Tell Godot to use Neovim
Open Godot and go to Editor → Editor Settings → Text Editor → External. Check Use External Editor, then fill in these two fields:
- Exec Path: the full path to your terminal. For Alacritty, that is
/usr/bin/alacritty. - Exec Flags:
-e nvim {file} +{line}
The -e flag is important. Without it, Alacritty does not know that the rest of the line is the command to run. I lost some minutes on this one.
Now click any .gd script in Godot. A new terminal opens with Neovim on the right file and the right line.
Add GDScript to your LSP config
Godot ships its own language server. It listens on TCP port 6005 while the editor is open. You do not install anything with Mason — Godot is the server.

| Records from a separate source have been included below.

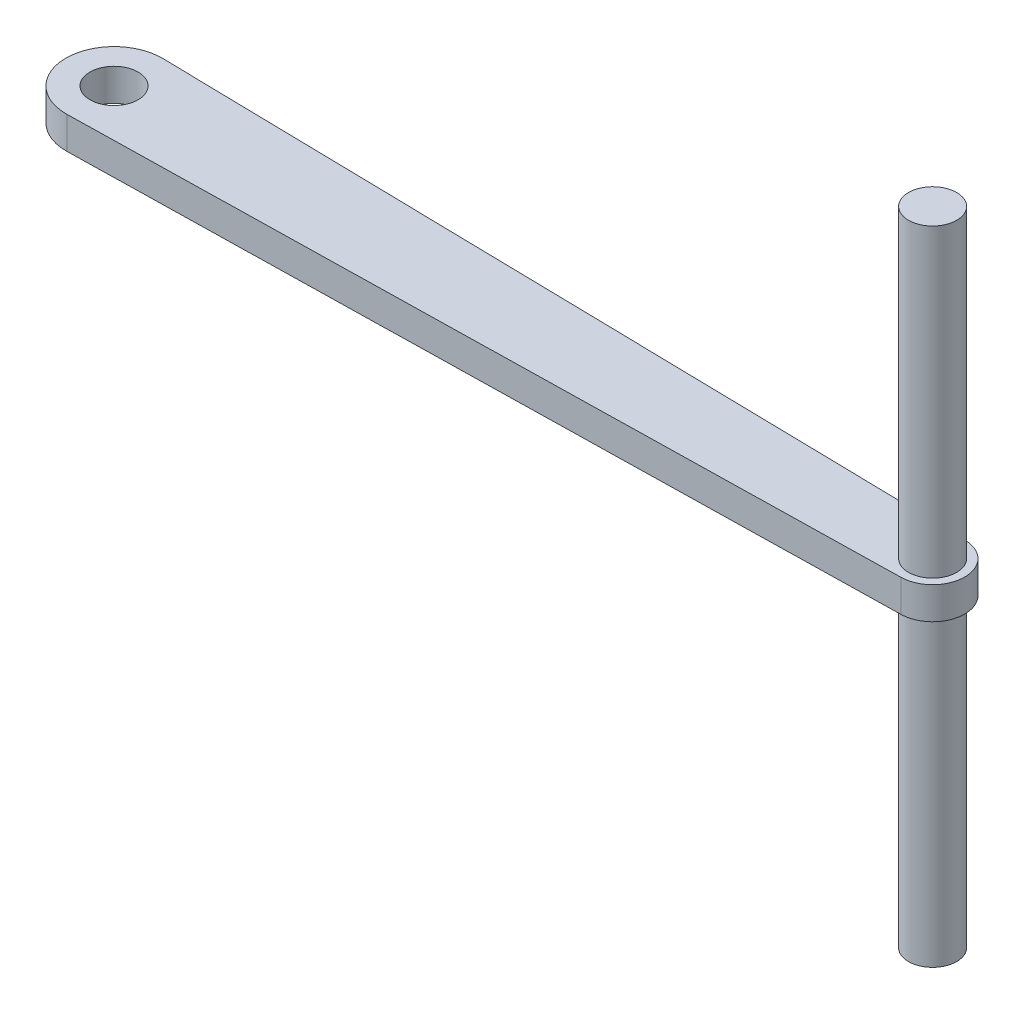
ISO-10303-21;
HEADER;
FILE_DESCRIPTION(('STEP AP214'),'2;1');
FILE_NAME('part.step','',(''),(''),'','','');
FILE_SCHEMA(('AUTOMOTIVE_DESIGN { 1 0 10303 214 1 1 1 1 }'));
ENDSEC;
DATA;
#1=APPLICATION_CONTEXT('core data for automotive mechanical design processes');
#2=APPLICATION_PROTOCOL_DEFINITION('international standard','automotive_design',2000,#1);
#3=PRODUCT_CONTEXT('',#1,'mechanical');
#4=PRODUCT('Part','Part','',(#3));
#5=PRODUCT_RELATED_PRODUCT_CATEGORY('part','',(#4));
#6=PRODUCT_DEFINITION_FORMATION('','',#4);
#7=PRODUCT_DEFINITION_CONTEXT('part definition',#1,'design');
#8=PRODUCT_DEFINITION('design','',#6,#7);
#9=PRODUCT_DEFINITION_SHAPE('','',#8);
#10=(LENGTH_UNIT() NAMED_UNIT(*) SI_UNIT(.MILLI.,.METRE.));
#11=(NAMED_UNIT(*) PLANE_ANGLE_UNIT() SI_UNIT($,.RADIAN.));
#12=(NAMED_UNIT(*) SI_UNIT($,.STERADIAN.) SOLID_ANGLE_UNIT());
#13=UNCERTAINTY_MEASURE_WITH_UNIT(LENGTH_MEASURE(1.E-05),#10,'distance_accuracy_value','');
#14=(GEOMETRIC_REPRESENTATION_CONTEXT(3) GLOBAL_UNCERTAINTY_ASSIGNED_CONTEXT((#13)) GLOBAL_UNIT_ASSIGNED_CONTEXT((#10,
#11,#12)) REPRESENTATION_CONTEXT('',''));
#15=CARTESIAN_POINT('',(0.,0.,0.));
#16=DIRECTION('',(0.,0.,1.));
#17=DIRECTION('',(1.,0.,0.));
#18=AXIS2_PLACEMENT_3D('',#15,#16,#17);
#19=CARTESIAN_POINT('',(0.,20.,0.));
#20=DIRECTION('',(0.,-1.,0.));
#21=DIRECTION('',(0.,0.,-1.));
#22=AXIS2_PLACEMENT_3D('',#19,#20,#21);
#23=CYLINDRICAL_SURFACE('',#22,1.5);
#24=CARTESIAN_POINT('',(0.,1.,0.));
#25=DIRECTION('',(0.,1.,0.));
#26=DIRECTION('',(0.,0.,1.));
#27=AXIS2_PLACEMENT_3D('',#24,#25,#26);
#28=CIRCLE('',#27,1.5);
#29=CARTESIAN_POINT('',(0.,1.,1.5));
#30=VERTEX_POINT('',#29);
#31=EDGE_CURVE('E44',#30,#30,#28,.T.);
#32=ORIENTED_EDGE('',*,*,#31,.T.);
#33=EDGE_LOOP('',(#32));
#34=FACE_BOUND('',#33,.T.);
#35=CARTESIAN_POINT('',(0.,20.,0.));
#36=DIRECTION('',(0.,1.,0.));
#37=DIRECTION('',(0.,0.,1.));
#38=AXIS2_PLACEMENT_3D('',#35,#36,#37);
#39=CIRCLE('',#38,1.5);
#40=CARTESIAN_POINT('',(0.,20.,1.5));
#41=VERTEX_POINT('',#40);
#42=EDGE_CURVE('E51',#41,#41,#39,.T.);
#43=ORIENTED_EDGE('',*,*,#42,.F.);
#44=EDGE_LOOP('',(#43));
#45=FACE_BOUND('',#44,.T.);
#46=ADVANCED_FACE('F41',(#34,#45),#23,.T.);
#47=CARTESIAN_POINT('',(0.,20.,0.));
#48=DIRECTION('',(0.,1.,0.));
#49=DIRECTION('',(0.,0.,1.));
#50=AXIS2_PLACEMENT_3D('',#47,#48,#49);
#51=PLANE('',#50);
#52=ORIENTED_EDGE('',*,*,#42,.T.);
#53=EDGE_LOOP('',(#52));
#54=FACE_BOUND('',#53,.T.);
#55=ADVANCED_FACE('F148',(#54),#51,.T.);
#56=CARTESIAN_POINT('',(-51.,1.,0.));
#57=DIRECTION('',(0.,1.,0.));
#58=DIRECTION('',(0.,0.,1.));
#59=AXIS2_PLACEMENT_3D('',#56,#57,#58);
#60=PLANE('',#59);
#61=ORIENTED_EDGE('',*,*,#31,.F.);
#62=EDGE_LOOP('',(#61));
#63=FACE_BOUND('',#62,.T.);
#64=CARTESIAN_POINT('',(-51.,1.,0.));
#65=DIRECTION('',(0.,1.,0.));
#66=DIRECTION('',(0.,0.,1.));
#67=AXIS2_PLACEMENT_3D('',#64,#65,#66);
#68=CIRCLE('',#67,3.);
#69=CARTESIAN_POINT('',(-50.9411764705882,1.,-2.99942324328987));
#70=VERTEX_POINT('',#69);
#71=CARTESIAN_POINT('',(-50.9411764705882,1.,2.99942324328987));
#72=VERTEX_POINT('',#71);
#73=EDGE_CURVE('E96',#70,#72,#68,.T.);
#74=ORIENTED_EDGE('',*,*,#73,.T.);
#75=DIRECTION('',(0.999807747763291,0.,-0.0196078431372549));
#76=VECTOR('',#75,1.);
#77=CARTESIAN_POINT('',(-50.9411764705882,1.,2.99942324328987));
#78=LINE('',#77,#76);
#79=CARTESIAN_POINT('',(0.0392156862745099,1.,1.99961549552658));
#80=VERTEX_POINT('',#79);
#81=EDGE_CURVE('E90',#72,#80,#78,.T.);
#82=ORIENTED_EDGE('',*,*,#81,.T.);
#83=CARTESIAN_POINT('',(0.,1.,0.));
#84=DIRECTION('',(0.,1.,0.));
#85=DIRECTION('',(0.,0.,1.));
#86=AXIS2_PLACEMENT_3D('',#83,#84,#85);
#87=CIRCLE('',#86,2.);
#88=CARTESIAN_POINT('',(0.0392156862745099,1.,-1.99961549552658));
#89=VERTEX_POINT('',#88);
#90=EDGE_CURVE('E94',#80,#89,#87,.T.);
#91=ORIENTED_EDGE('',*,*,#90,.T.);
#92=DIRECTION('',(-0.999807747763291,0.,-0.0196078431372549));
#93=VECTOR('',#92,1.);
#94=CARTESIAN_POINT('',(-50.9411764705882,1.,-2.99942324328987));
#95=LINE('',#94,#93);
#96=EDGE_CURVE('E59',#89,#70,#95,.T.);
#97=ORIENTED_EDGE('',*,*,#96,.T.);
#98=EDGE_LOOP('',(#74,#82,#91,#97));
#99=FACE_BOUND('',#98,.T.);
#100=CARTESIAN_POINT('',(-51.,1.,0.));
#101=DIRECTION('',(0.,1.,0.));
#102=DIRECTION('',(0.,0.,1.));
#103=AXIS2_PLACEMENT_3D('',#100,#101,#102);
#104=CIRCLE('',#103,1.5);
#105=CARTESIAN_POINT('',(-51.,1.,1.5));
#106=VERTEX_POINT('',#105);
#107=EDGE_CURVE('E119',#106,#106,#104,.T.);
#108=ORIENTED_EDGE('',*,*,#107,.F.);
#109=EDGE_LOOP('',(#108));
#110=FACE_BOUND('',#109,.T.);
#111=ADVANCED_FACE('F91',(#63,#99,#110),#60,.T.);
#112=CARTESIAN_POINT('',(-51.,-1.,0.));
#113=DIRECTION('',(0.,1.,0.));
#114=DIRECTION('',(0.,0.,1.));
#115=AXIS2_PLACEMENT_3D('',#112,#113,#114);
#116=PLANE('',#115);
#117=CARTESIAN_POINT('',(0.,-1.,0.));
#118=DIRECTION('',(0.,1.,0.));
#119=DIRECTION('',(0.,0.,1.));
#120=AXIS2_PLACEMENT_3D('',#117,#118,#119);
#121=CIRCLE('',#120,1.5);
#122=CARTESIAN_POINT('',(0.,-1.,1.5));
#123=VERTEX_POINT('',#122);
#124=EDGE_CURVE('E11',#123,#123,#121,.T.);
#125=ORIENTED_EDGE('',*,*,#124,.T.);
#126=EDGE_LOOP('',(#125));
#127=FACE_BOUND('',#126,.T.);
#128=CARTESIAN_POINT('',(-51.,-1.,0.));
#129=DIRECTION('',(0.,1.,0.));
#130=DIRECTION('',(0.,0.,1.));
#131=AXIS2_PLACEMENT_3D('',#128,#129,#130);
#132=CIRCLE('',#131,3.);
#133=CARTESIAN_POINT('',(-50.9411764705882,-1.,-2.99942324328987));
#134=VERTEX_POINT('',#133);
#135=CARTESIAN_POINT('',(-50.9411764705882,-1.,2.99942324328987));
#136=VERTEX_POINT('',#135);
#137=EDGE_CURVE('E115',#134,#136,#132,.T.);
#138=ORIENTED_EDGE('',*,*,#137,.F.);
#139=DIRECTION('',(-0.999807747763291,0.,-0.0196078431372549));
#140=VECTOR('',#139,1.);
#141=CARTESIAN_POINT('',(-50.9411764705882,-1.,-2.99942324328987));
#142=LINE('',#141,#140);
#143=CARTESIAN_POINT('',(0.0392156862745099,-1.,-1.99961549552658));
#144=VERTEX_POINT('',#143);
#145=EDGE_CURVE('E82',#144,#134,#142,.T.);
#146=ORIENTED_EDGE('',*,*,#145,.F.);
#147=CARTESIAN_POINT('',(0.,-1.,0.));
#148=DIRECTION('',(0.,1.,0.));
#149=DIRECTION('',(0.,0.,1.));
#150=AXIS2_PLACEMENT_3D('',#147,#148,#149);
#151=CIRCLE('',#150,2.);
#152=CARTESIAN_POINT('',(0.0392156862745099,-1.,1.99961549552658));
#153=VERTEX_POINT('',#152);
#154=EDGE_CURVE('E76',#153,#144,#151,.T.);
#155=ORIENTED_EDGE('',*,*,#154,.F.);
#156=DIRECTION('',(0.999807747763291,0.,-0.0196078431372549));
#157=VECTOR('',#156,1.);
#158=CARTESIAN_POINT('',(-50.9411764705882,-1.,2.99942324328987));
#159=LINE('',#158,#157);
#160=EDGE_CURVE('E102',#136,#153,#159,.T.);
#161=ORIENTED_EDGE('',*,*,#160,.F.);
#162=EDGE_LOOP('',(#138,#146,#155,#161));
#163=FACE_BOUND('',#162,.T.);
#164=CARTESIAN_POINT('',(-51.,-1.,0.));
#165=DIRECTION('',(0.,1.,0.));
#166=DIRECTION('',(0.,0.,1.));
#167=AXIS2_PLACEMENT_3D('',#164,#165,#166);
#168=CIRCLE('',#167,1.5);
#169=CARTESIAN_POINT('',(-51.,-1.,1.5));
#170=VERTEX_POINT('',#169);
#171=EDGE_CURVE('E178',#170,#170,#168,.T.);
#172=ORIENTED_EDGE('',*,*,#171,.T.);
#173=EDGE_LOOP('',(#172));
#174=FACE_BOUND('',#173,.T.);
#175=ADVANCED_FACE('F147',(#127,#163,#174),#116,.F.);
#176=CARTESIAN_POINT('',(-51.,1.,0.));
#177=DIRECTION('',(0.,-1.,0.));
#178=DIRECTION('',(0.,0.,-1.));
#179=AXIS2_PLACEMENT_3D('',#176,#177,#178);
#180=CYLINDRICAL_SURFACE('',#179,3.);
#181=ORIENTED_EDGE('',*,*,#137,.T.);
#182=DIRECTION('',(0.,-1.,0.));
#183=VECTOR('',#182,1.);
#184=CARTESIAN_POINT('',(-50.9411764705882,1.,2.99942324328987));
#185=LINE('',#184,#183);
#186=EDGE_CURVE('E104',#72,#136,#185,.T.);
#187=ORIENTED_EDGE('',*,*,#186,.F.);
#188=ORIENTED_EDGE('',*,*,#73,.F.);
#189=DIRECTION('',(0.,-1.,0.));
#190=VECTOR('',#189,1.);
#191=CARTESIAN_POINT('',(-50.9411764705882,1.,-2.99942324328987));
#192=LINE('',#191,#190);
#193=EDGE_CURVE('E111',#70,#134,#192,.T.);
#194=ORIENTED_EDGE('',*,*,#193,.T.);
#195=EDGE_LOOP('',(#181,#187,#188,#194));
#196=FACE_BOUND('',#195,.T.);
#197=ADVANCED_FACE('F154',(#196),#180,.T.);
#198=CARTESIAN_POINT('',(-50.9411764705882,1.,2.99942324328987));
#199=DIRECTION('',(-0.0196078431372549,0.,-0.999807747763291));
#200=DIRECTION('',(-0.999807747763291,0.,0.0196078431372549));
#201=AXIS2_PLACEMENT_3D('',#198,#199,#200);
#202=PLANE('',#201);
#203=ORIENTED_EDGE('',*,*,#160,.T.);
#204=DIRECTION('',(0.,-1.,0.));
#205=VECTOR('',#204,1.);
#206=CARTESIAN_POINT('',(0.0392156862745099,1.,1.99961549552658));
#207=LINE('',#206,#205);
#208=EDGE_CURVE('E100',#80,#153,#207,.T.);
#209=ORIENTED_EDGE('',*,*,#208,.F.);
#210=ORIENTED_EDGE('',*,*,#81,.F.);
#211=ORIENTED_EDGE('',*,*,#186,.T.);
#212=EDGE_LOOP('',(#203,#209,#210,#211));
#213=FACE_BOUND('',#212,.T.);
#214=ADVANCED_FACE('F101',(#213),#202,.F.);
#215=CARTESIAN_POINT('',(0.,1.,0.));
#216=DIRECTION('',(0.,-1.,0.));
#217=DIRECTION('',(0.,0.,-1.));
#218=AXIS2_PLACEMENT_3D('',#215,#216,#217);
#219=CYLINDRICAL_SURFACE('',#218,2.);
#220=ORIENTED_EDGE('',*,*,#154,.T.);
#221=DIRECTION('',(0.,-1.,0.));
#222=VECTOR('',#221,1.);
#223=CARTESIAN_POINT('',(0.0392156862745099,1.,-1.99961549552658));
#224=LINE('',#223,#222);
#225=EDGE_CURVE('E105',#89,#144,#224,.T.);
#226=ORIENTED_EDGE('',*,*,#225,.F.);
#227=ORIENTED_EDGE('',*,*,#90,.F.);
#228=ORIENTED_EDGE('',*,*,#208,.T.);
#229=EDGE_LOOP('',(#220,#226,#227,#228));
#230=FACE_BOUND('',#229,.T.);
#231=ADVANCED_FACE('F107',(#230),#219,.T.);
#232=CARTESIAN_POINT('',(-50.9411764705882,1.,-2.99942324328987));
#233=DIRECTION('',(-0.0196078431372549,0.,0.999807747763291));
#234=DIRECTION('',(0.999807747763291,0.,0.0196078431372549));
#235=AXIS2_PLACEMENT_3D('',#232,#233,#234);
#236=PLANE('',#235);
#237=ORIENTED_EDGE('',*,*,#145,.T.);
#238=ORIENTED_EDGE('',*,*,#193,.F.);
#239=ORIENTED_EDGE('',*,*,#96,.F.);
#240=ORIENTED_EDGE('',*,*,#225,.T.);
#241=EDGE_LOOP('',(#237,#238,#239,#240));
#242=FACE_BOUND('',#241,.T.);
#243=ADVANCED_FACE('F189',(#242),#236,.F.);
#244=CARTESIAN_POINT('',(-51.,1.,0.));
#245=DIRECTION('',(0.,-1.,0.));
#246=DIRECTION('',(0.,0.,-1.));
#247=AXIS2_PLACEMENT_3D('',#244,#245,#246);
#248=CYLINDRICAL_SURFACE('',#247,1.5);
#249=ORIENTED_EDGE('',*,*,#107,.T.);
#250=EDGE_LOOP('',(#249));
#251=FACE_BOUND('',#250,.T.);
#252=ORIENTED_EDGE('',*,*,#171,.F.);
#253=EDGE_LOOP('',(#252));
#254=FACE_BOUND('',#253,.T.);
#255=ADVANCED_FACE('F169',(#251,#254),#248,.F.);
#256=CARTESIAN_POINT('',(0.,-20.,0.));
#257=DIRECTION('',(0.,1.,0.));
#258=DIRECTION('',(0.,0.,1.));
#259=AXIS2_PLACEMENT_3D('',#256,#257,#258);
#260=PLANE('',#259);
#261=CARTESIAN_POINT('',(0.,-20.,0.));
#262=DIRECTION('',(0.,1.,0.));
#263=DIRECTION('',(0.,0.,1.));
#264=AXIS2_PLACEMENT_3D('',#261,#262,#263);
#265=CIRCLE('',#264,1.5);
#266=CARTESIAN_POINT('',(0.,-20.,1.5));
#267=VERTEX_POINT('',#266);
#268=EDGE_CURVE('E135',#267,#267,#265,.T.);
#269=ORIENTED_EDGE('',*,*,#268,.F.);
#270=EDGE_LOOP('',(#269));
#271=FACE_BOUND('',#270,.T.);
#272=ADVANCED_FACE('F165',(#271),#260,.F.);
#273=ORIENTED_EDGE('',*,*,#268,.T.);
#274=EDGE_LOOP('',(#273));
#275=FACE_BOUND('',#274,.T.);
#276=ORIENTED_EDGE('',*,*,#124,.F.);
#277=EDGE_LOOP('',(#276));
#278=FACE_BOUND('',#277,.T.);
#279=ADVANCED_FACE('F161',(#275,#278),#23,.T.);
#280=CLOSED_SHELL('',(#46,#55,#111,#175,#197,#214,#231,#243,#255,#272,#279));
#281=MANIFOLD_SOLID_BREP('B2',#280);
#282=ADVANCED_BREP_SHAPE_REPRESENTATION('',(#18,#281),#14);
#283=SHAPE_DEFINITION_REPRESENTATION(#9,#282);
ENDSEC;
END-ISO-10303-21;

In your nvim-lspconfig setup, register the server:
vim.lsp.config['gdscript'] = {
capabilities = capabilities,
cmd = vim.lsp.rpc.connect('127.0.0.1', 6005),
filetypes = { 'gd', 'gdscript', 'gdscript3' },
root_markers = { 'project.godot', '.git' },
}
vim.lsp.enable('gdscript')
If .gd files are not detected, add this once at startup:
vim.filetype.add({ extension = { gd = 'gdscript' } })
Try it
Keep Godot open. Open a .gd file in Neovim and run :LspInfo. You should see gdscript attached. Now K shows documentation, gd jumps to definitions, and completion works through your normal nvim-cmp setup.
One small thing to remember: the LSP only runs while Godot is open. Close the editor and the server stops. That is fine for me — I always have Godot open when I write game code anyway.
Reuse the same Neovim instance
After using this for a while, one thing started to annoy me. Every time I clicked a .gd script in Godot, a new terminal opened with a new Neovim. Five scripts, five terminals. Not what I wanted.
The fix: have one Neovim listen on a socket, and send new files to it instead of starting a fresh one.
First, tell Neovim to start a server when it opens. I added this to my config:
local godot_socket = "/tmp/godot.pipe"
if vim.uv.fs_stat(godot_socket) == nil then
pcall(vim.fn.serverstart, godot_socket)
end
Then a small wrapper script at ~/.local/bin/godot-nvim:
#!/usr/bin/env bash
set -e
SOCK=/tmp/godot.pipe
file="$1"
line="${2:-1}"
col="${3:-1}"
if [ -S "$SOCK" ]; then
nvim --server "$SOCK" --remote-send "<C-\\><C-n>:edit ${file}<CR>:call cursor(${line}, ${col})<CR>"
else
rm -f "$SOCK"
alacritty -e nvim --listen "$SOCK" "${file}" "+call cursor(${line}, ${col})" &
fi
Make it executable:
chmod +x ~/.local/bin/godot-nvim
Now update Godot’s external editor settings:
- Exec Path:
/home/<you>/.local/bin/godot-nvim - Exec Flags:
"{file}" "{line}" "{col}"
The first click opens a terminal with Neovim, and the socket starts. Every click after that jumps to the file inside the same Neovim. No more terminal spam.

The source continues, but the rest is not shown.